Exercise details
Scan the data below for the string "Axis". Show every line where it turns up.

-------------------------

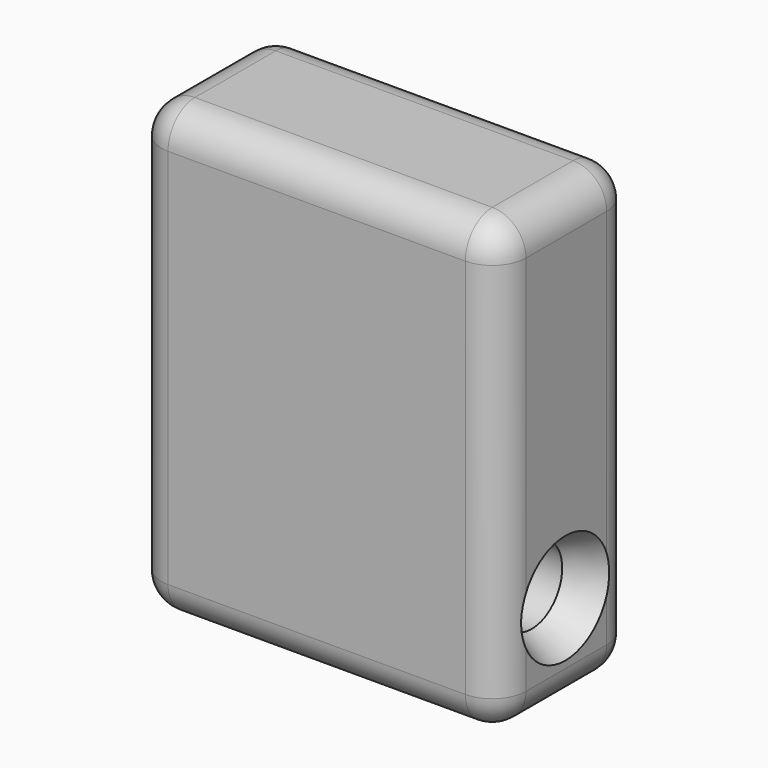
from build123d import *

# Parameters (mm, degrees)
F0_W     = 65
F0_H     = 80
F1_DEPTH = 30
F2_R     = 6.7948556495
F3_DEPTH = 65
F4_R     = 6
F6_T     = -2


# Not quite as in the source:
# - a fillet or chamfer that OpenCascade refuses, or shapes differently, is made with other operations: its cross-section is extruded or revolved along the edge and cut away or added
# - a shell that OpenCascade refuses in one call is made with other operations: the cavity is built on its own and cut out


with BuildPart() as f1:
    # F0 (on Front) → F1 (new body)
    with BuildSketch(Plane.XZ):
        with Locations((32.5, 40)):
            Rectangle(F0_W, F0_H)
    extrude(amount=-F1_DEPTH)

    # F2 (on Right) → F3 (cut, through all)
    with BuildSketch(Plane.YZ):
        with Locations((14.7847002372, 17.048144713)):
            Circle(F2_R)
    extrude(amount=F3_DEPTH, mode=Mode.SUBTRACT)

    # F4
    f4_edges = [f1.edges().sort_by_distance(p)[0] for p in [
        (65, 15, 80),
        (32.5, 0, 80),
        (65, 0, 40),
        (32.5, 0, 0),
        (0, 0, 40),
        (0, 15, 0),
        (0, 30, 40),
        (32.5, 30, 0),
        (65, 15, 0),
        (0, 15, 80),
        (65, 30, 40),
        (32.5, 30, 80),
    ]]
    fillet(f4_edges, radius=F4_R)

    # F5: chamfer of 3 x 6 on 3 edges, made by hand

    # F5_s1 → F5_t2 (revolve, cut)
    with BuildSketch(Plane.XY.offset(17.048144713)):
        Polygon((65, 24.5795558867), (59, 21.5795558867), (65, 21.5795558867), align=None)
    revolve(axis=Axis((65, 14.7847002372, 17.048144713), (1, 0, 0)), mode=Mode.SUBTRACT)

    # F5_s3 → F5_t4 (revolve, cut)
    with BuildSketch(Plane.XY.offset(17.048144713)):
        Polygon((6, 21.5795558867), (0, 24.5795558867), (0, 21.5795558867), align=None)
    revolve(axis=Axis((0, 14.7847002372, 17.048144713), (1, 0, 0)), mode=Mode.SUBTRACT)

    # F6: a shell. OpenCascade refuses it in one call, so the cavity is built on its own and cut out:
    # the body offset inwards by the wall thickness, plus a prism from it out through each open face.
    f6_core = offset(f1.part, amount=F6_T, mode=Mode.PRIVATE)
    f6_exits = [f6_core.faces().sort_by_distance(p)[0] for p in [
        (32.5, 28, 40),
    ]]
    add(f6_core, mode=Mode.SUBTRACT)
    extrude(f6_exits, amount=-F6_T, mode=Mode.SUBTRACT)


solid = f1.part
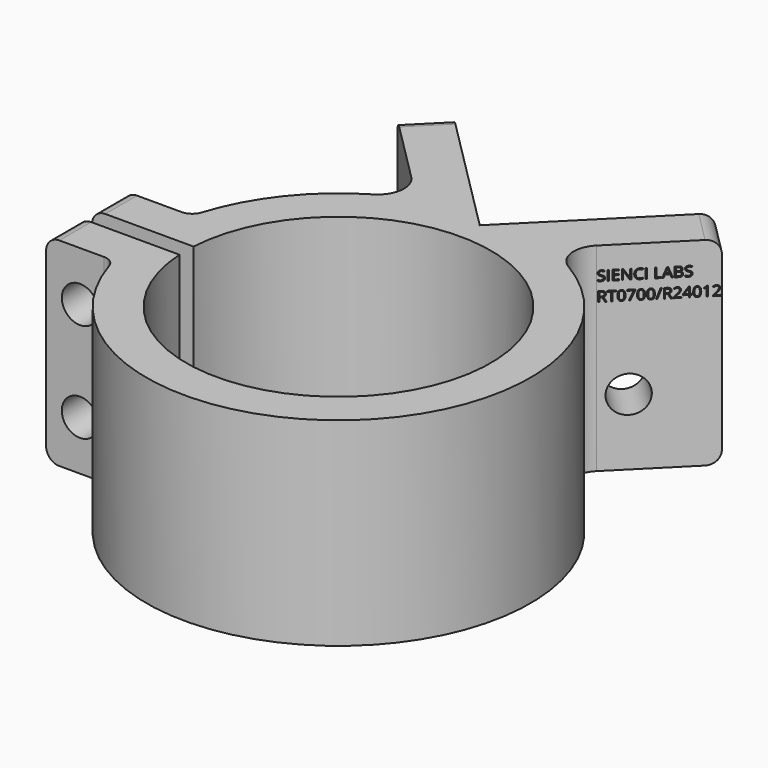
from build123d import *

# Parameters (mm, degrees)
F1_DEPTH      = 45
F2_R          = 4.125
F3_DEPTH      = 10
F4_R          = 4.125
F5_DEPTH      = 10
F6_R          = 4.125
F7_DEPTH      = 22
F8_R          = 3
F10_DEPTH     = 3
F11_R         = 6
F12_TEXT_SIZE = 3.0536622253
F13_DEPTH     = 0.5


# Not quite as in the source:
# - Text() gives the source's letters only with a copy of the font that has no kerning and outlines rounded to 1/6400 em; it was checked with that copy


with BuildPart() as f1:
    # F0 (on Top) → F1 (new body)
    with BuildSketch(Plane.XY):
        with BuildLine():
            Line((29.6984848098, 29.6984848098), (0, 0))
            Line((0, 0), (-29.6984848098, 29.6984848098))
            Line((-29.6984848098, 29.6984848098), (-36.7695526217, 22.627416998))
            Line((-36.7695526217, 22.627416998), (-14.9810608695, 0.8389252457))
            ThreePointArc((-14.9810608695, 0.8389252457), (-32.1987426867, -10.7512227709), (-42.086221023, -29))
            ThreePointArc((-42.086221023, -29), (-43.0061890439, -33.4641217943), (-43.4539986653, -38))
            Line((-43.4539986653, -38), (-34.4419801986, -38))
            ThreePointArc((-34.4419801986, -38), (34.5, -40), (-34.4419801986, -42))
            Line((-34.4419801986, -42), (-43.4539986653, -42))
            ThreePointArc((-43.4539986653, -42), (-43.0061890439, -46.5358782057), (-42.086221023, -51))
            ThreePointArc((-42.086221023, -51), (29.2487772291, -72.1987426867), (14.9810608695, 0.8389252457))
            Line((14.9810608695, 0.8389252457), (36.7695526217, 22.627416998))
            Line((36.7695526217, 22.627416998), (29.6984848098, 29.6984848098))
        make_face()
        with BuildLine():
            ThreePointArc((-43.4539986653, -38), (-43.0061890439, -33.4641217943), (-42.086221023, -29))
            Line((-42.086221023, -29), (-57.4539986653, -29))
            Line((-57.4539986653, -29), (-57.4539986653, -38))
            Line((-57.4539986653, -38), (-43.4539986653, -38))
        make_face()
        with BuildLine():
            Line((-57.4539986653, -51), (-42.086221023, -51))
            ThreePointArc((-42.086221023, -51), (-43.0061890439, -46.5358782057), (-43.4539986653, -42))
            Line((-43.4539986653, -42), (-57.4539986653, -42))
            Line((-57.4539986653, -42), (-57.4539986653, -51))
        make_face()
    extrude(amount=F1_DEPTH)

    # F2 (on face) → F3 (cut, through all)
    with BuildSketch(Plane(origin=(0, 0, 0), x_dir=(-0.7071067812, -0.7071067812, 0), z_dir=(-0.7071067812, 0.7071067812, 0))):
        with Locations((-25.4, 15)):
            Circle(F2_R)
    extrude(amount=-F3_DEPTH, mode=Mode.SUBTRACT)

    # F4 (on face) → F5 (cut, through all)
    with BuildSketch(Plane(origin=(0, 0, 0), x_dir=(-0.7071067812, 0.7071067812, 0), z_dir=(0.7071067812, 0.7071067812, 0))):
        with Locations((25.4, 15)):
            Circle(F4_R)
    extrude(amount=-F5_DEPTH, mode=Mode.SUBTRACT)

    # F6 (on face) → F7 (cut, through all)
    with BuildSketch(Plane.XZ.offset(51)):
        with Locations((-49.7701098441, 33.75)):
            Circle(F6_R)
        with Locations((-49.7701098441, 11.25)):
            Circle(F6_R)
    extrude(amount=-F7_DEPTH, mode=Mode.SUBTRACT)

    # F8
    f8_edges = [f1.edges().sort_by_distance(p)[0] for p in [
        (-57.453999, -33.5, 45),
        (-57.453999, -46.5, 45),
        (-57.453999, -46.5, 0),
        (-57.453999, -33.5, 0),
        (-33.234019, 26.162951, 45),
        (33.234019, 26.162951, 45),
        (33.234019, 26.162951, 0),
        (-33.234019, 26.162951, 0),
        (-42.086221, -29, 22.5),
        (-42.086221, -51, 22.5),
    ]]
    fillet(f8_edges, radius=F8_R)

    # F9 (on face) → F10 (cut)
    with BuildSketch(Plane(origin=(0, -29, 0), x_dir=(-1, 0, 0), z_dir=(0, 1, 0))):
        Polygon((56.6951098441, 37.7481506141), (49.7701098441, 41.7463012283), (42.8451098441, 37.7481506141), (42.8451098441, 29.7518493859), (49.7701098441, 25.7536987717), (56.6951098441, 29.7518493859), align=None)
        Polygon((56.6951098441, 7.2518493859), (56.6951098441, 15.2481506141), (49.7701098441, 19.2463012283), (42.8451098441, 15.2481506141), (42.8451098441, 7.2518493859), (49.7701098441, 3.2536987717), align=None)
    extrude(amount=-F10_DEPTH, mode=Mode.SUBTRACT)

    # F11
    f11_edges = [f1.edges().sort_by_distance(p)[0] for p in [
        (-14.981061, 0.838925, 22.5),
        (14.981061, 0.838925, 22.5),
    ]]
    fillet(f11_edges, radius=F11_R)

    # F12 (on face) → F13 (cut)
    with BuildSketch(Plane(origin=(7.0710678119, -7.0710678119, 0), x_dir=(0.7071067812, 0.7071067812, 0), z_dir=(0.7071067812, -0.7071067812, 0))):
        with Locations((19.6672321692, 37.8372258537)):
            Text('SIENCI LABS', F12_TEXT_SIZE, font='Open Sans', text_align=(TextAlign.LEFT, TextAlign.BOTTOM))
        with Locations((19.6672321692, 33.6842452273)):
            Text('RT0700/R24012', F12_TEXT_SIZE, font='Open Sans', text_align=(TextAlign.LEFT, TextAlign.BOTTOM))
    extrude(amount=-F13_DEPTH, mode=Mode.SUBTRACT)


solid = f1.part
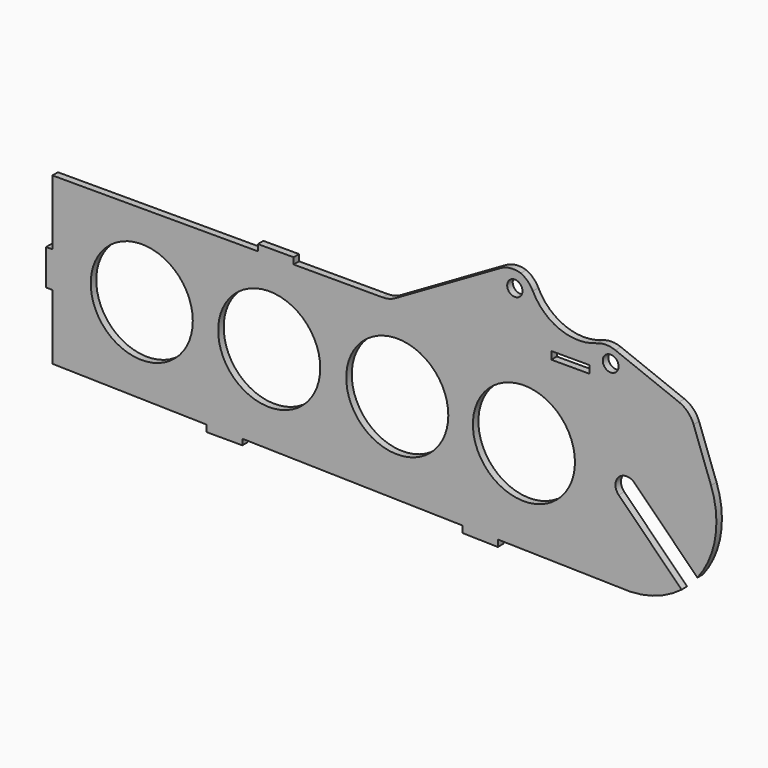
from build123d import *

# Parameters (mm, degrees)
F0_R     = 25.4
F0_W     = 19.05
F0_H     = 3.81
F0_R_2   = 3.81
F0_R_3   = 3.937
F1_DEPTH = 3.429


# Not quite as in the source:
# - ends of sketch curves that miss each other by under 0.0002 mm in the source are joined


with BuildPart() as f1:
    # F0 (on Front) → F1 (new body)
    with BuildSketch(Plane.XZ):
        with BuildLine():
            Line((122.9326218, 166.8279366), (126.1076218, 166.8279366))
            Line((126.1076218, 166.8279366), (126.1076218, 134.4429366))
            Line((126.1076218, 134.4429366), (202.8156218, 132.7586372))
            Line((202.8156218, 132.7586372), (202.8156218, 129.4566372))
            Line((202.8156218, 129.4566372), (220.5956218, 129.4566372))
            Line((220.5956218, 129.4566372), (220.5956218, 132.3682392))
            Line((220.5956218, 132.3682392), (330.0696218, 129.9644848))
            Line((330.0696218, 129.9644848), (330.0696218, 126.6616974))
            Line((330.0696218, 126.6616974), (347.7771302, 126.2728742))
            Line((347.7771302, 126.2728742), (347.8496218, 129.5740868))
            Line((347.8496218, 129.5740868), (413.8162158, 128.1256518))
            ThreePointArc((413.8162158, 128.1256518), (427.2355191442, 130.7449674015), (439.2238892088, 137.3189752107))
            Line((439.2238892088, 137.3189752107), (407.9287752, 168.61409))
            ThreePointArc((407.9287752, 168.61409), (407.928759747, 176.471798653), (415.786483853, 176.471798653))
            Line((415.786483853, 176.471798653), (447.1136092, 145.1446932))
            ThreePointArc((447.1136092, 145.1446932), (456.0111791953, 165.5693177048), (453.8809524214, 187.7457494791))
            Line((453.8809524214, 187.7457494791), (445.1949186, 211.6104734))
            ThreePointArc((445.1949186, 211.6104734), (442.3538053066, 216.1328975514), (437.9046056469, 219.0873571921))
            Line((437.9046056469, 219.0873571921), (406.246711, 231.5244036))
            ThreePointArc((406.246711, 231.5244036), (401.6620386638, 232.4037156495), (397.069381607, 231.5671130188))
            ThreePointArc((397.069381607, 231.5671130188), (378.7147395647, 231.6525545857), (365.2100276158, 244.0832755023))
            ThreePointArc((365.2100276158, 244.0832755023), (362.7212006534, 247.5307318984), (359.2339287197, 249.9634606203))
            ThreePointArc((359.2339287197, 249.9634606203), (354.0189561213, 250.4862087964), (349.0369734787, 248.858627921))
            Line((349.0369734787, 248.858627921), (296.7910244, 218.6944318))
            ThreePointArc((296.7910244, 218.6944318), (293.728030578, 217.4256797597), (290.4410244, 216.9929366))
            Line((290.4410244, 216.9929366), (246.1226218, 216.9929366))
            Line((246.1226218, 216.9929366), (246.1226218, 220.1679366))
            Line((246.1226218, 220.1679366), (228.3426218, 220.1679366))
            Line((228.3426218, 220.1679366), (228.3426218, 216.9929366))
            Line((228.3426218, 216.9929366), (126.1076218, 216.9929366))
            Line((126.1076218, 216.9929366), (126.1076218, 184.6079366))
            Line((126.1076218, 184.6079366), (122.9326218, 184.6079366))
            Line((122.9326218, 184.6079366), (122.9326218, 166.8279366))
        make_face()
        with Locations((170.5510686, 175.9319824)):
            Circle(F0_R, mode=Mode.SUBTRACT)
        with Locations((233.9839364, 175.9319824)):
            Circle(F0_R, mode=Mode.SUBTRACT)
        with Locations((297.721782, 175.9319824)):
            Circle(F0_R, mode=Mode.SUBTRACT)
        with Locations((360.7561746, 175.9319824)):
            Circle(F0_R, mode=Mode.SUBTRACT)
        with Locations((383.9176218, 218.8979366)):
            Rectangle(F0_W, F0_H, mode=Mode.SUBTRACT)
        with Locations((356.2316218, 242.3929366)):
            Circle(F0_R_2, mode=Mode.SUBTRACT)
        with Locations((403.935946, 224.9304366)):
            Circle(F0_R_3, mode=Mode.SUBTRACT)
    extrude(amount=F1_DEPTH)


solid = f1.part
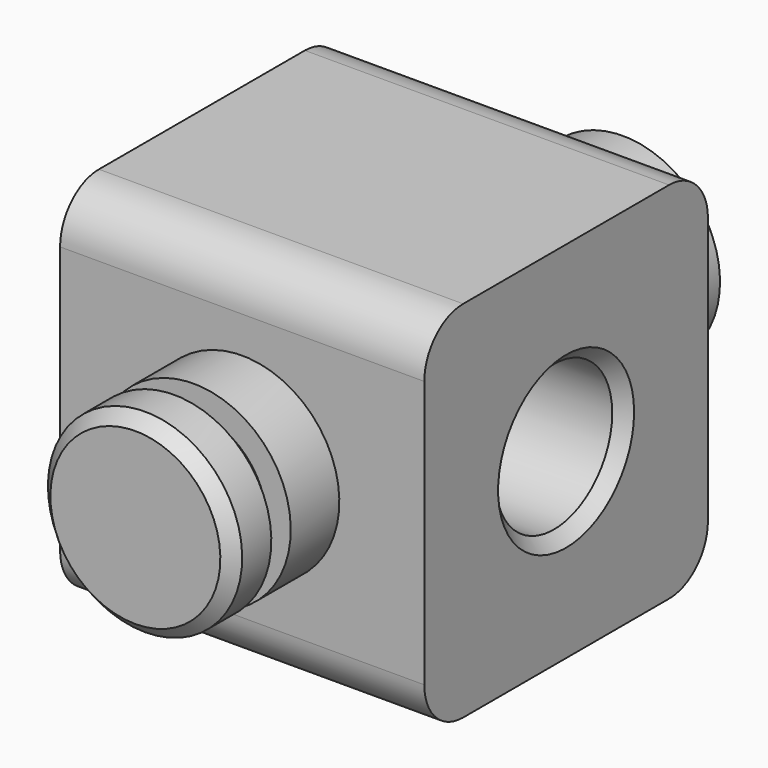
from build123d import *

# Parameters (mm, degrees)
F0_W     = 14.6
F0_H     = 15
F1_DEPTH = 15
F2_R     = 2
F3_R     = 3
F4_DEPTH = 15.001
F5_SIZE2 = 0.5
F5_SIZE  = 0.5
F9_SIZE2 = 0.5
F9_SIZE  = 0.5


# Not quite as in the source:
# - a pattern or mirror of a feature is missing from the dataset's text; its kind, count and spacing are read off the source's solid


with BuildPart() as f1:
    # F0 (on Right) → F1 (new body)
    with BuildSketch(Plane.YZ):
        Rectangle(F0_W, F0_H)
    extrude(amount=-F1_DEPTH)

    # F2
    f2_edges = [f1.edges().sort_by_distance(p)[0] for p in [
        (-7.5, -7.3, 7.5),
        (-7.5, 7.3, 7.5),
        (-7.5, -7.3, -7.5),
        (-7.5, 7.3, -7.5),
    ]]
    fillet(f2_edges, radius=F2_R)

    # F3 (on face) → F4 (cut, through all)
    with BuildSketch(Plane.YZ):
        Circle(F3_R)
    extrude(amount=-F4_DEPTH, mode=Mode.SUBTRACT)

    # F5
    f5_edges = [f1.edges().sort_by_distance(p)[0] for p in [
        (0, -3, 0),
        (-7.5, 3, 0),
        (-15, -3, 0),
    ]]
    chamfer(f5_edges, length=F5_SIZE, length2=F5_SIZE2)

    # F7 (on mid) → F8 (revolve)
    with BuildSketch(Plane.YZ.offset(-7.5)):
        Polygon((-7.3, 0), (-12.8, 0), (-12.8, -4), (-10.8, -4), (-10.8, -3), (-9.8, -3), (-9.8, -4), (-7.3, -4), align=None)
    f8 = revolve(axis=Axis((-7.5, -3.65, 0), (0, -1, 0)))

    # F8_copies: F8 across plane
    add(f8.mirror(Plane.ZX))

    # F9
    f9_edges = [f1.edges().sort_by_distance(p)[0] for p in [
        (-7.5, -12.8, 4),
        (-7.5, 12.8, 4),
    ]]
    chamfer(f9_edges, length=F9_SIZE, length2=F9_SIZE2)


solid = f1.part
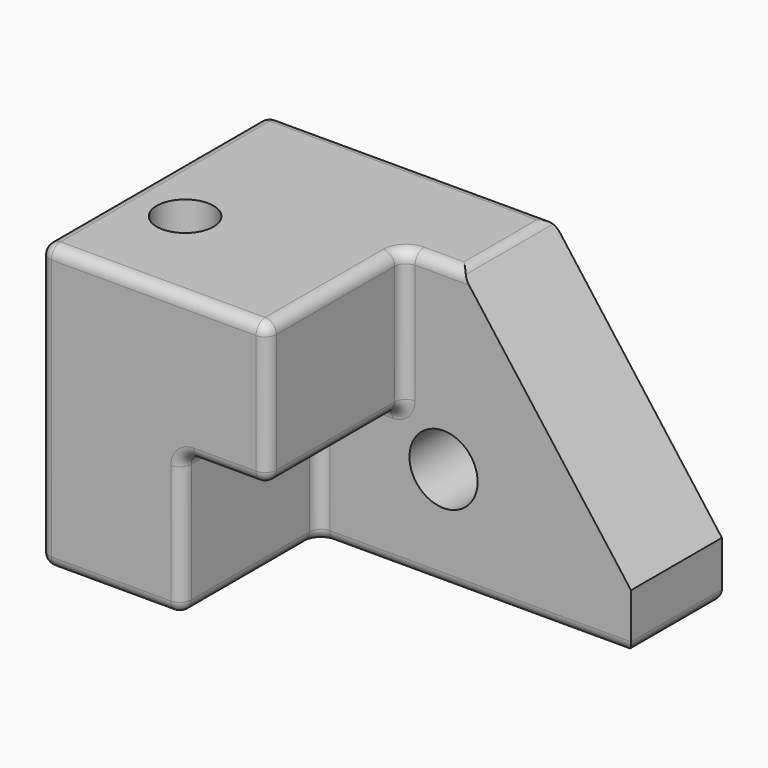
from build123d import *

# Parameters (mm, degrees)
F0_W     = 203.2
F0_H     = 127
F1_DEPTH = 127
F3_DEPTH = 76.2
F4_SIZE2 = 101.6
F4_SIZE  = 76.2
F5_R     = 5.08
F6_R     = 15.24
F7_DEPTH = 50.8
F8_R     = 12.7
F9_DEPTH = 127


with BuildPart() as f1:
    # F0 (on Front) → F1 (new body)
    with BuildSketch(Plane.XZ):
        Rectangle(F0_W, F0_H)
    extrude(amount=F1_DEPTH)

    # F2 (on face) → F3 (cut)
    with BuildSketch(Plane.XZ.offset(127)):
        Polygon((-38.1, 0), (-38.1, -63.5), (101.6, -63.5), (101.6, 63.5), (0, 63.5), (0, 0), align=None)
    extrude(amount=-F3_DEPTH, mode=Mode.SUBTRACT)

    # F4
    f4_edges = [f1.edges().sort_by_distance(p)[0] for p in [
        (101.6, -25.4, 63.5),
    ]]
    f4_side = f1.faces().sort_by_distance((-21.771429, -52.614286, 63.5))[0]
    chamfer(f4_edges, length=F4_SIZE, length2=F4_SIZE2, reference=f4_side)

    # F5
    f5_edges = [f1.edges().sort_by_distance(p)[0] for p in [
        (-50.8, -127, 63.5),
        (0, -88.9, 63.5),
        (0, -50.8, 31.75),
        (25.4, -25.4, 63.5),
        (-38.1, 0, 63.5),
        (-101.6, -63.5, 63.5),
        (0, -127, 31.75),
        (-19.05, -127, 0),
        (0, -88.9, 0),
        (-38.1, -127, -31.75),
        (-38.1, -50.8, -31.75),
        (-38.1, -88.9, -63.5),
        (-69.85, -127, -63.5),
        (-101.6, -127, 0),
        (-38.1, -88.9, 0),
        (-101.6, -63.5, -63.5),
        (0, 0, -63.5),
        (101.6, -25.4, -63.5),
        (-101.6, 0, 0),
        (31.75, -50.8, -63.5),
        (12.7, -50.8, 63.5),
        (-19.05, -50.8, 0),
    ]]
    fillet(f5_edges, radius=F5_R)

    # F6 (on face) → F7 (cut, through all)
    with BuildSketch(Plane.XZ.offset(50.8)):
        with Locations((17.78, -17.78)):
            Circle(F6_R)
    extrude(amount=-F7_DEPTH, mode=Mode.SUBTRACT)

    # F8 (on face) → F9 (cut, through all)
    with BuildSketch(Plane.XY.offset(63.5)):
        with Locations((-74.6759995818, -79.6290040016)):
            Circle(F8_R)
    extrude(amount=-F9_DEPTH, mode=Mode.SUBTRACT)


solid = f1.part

-------------------------

Answer to the problem
    revolve(axis=Axis((65, 14.7847002372, 17.048144713), (1, 0, 0)), mode=Mode.SUBTRACT)
    revolve(axis=Axis((0, 14.7847002372, 17.048144713), (1, 0, 0)), mode=Mode.SUBTRACT)
    f8 = revolve(axis=Axis((-7.5, -3.65, 0), (0, -1, 0)))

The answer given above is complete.